Plus bas, dans la grande salle, une procession continue se faufile dans les allées bordées de stands aux noms prestigieux. La foule est dense mais, devant chaque stand, chaque vigneron est là, tout disposé à entamer le dialogue, et chacun déguste sous l’œil attentif du maître du vignoble. Au Domaine de la Charbonnière, deux jeunes Marseillais s’attardent : « Les gens du salon sont très sympas et accueillants. C’est cool. On apprend beaucoup sur les cépages, la couleur, la vinification. J’ai dégusté de nombreuses cuvées, pour l’instant ce que je préfère, c’est le Châteauneuf 2016 », confesse l’un des deux.

Plus loin, une étiquette intrigue : Domaine L’Or de Line... Y aurait-il des mines aurifères sous les ceps séculaires ? C’est presque la ruée vers l’or, enfin plutôt de Laureline Jacumin : elle vient d’intégrer le bureau des Jeunes agriculteurs de Châteauneuf, et est invitée au conseil d’administration des JA de Vaucluse. « Je reprends l’exploitation de mes parents en juillet prochain, et c’est ma première fois au salon sur lequel je tiens le stand avec ma mère. Je m’installe en EARL, sur 9 hectares bio en appellation, dont 4 hectares en blanc et 5 hectares en rouge, répartis en 15 parcelles et 11 cépages. » Avec cent vignerons, chacun doit choisir les domaines, selon ses goûts, ses envies, sa curiosité, afin de débusquer la cuvée de ses rêves.

Belles découvertes.

Dans l’école du village, les ateliers thématiques ont réservé des belles découvertes : les vieux millésimes des années en 9 (1959, 1979, 1989,1999), les cuvées spéciales et tradition du millésime 2009, accords mets et vins – avec le chef Guy Jullien du restaurant la Beaugravière à Mondragon pour les truffes – animés par Antoine Pétrus, sacré deux fois MOF (Meilleur ouvrier de France) en qualité de meilleur sommelier en 2011 et en catégorie ‘Maître d’Hôtel, service et arts de la table’, en novembre 2018. Une pointure inégalée…

Naviguant entre les tables, Céline Sabon est aux petits soins pour tous.
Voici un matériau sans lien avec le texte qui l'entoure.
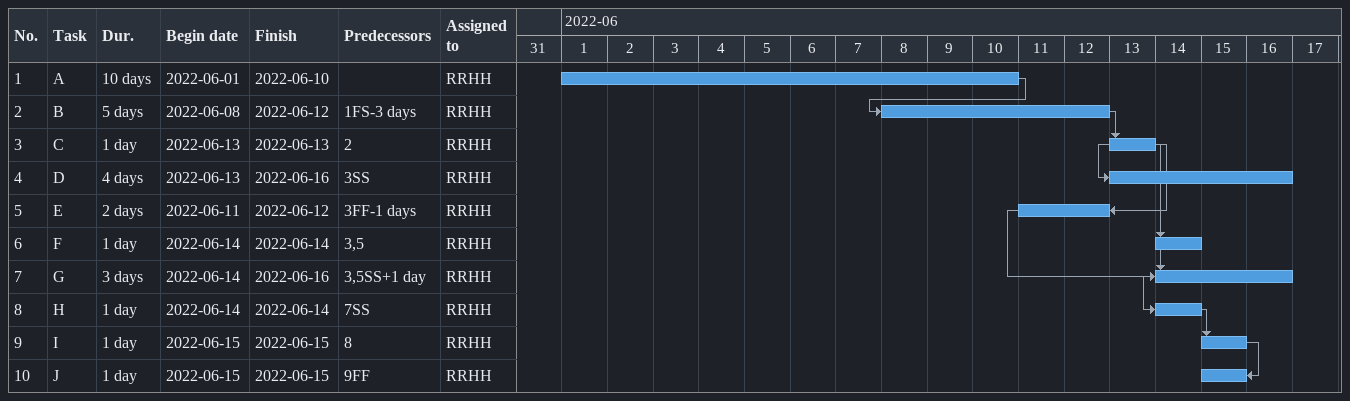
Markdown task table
| ID | Task | Duration | Start | Finish | Predecessors | Resources |
|---|---|---|---|---|---|---|
| 1 | A | 10d | 2022-06-01 | 2022-06-10 |  | RRHH |
| 2 | B | 5d | 2022-06-08 | 2022-06-12 | 1FS-3d | RRHH |
| 3 | C | 1d | 2022-06-13 | 2022-06-13 | 2 | RRHH |
| 4 | D | 4d | 2022-06-13 | 2022-06-16 | 3SS | RRHH |
| 5 | E | 2d | 2022-06-11 | 2022-06-12 | 3FF-1d | RRHH |
| 6 | F | 1d | 2022-06-14 | 2022-06-14 | 3, 5 | RRHH |
| 7 | G | 3d | 2022-06-14 | 2022-06-16 | 3, 5SS+1d | RRHH |
| 8 | H | 1d | 2022-06-14 | 2022-06-14 | 7SS | RRHH |
| 9 | I | 1d | 2022-06-15 | 2022-06-15 | 8 | RRHH |
| 10 | J | 1d | 2022-06-15 | 2022-06-15 | 9FF | RRHH |

Pour les vignerons, qui présentent leur cuvée, comme pour les stagiaires, elle a porté sur les fonts baptismaux ces ateliers qui sont, depuis dix ans, l’occasion pour les amateurs, comme pour les professionnels de parfaire leur connaissance, dans le plus grand raffinement, des millésimes de la prestigieuse appellation.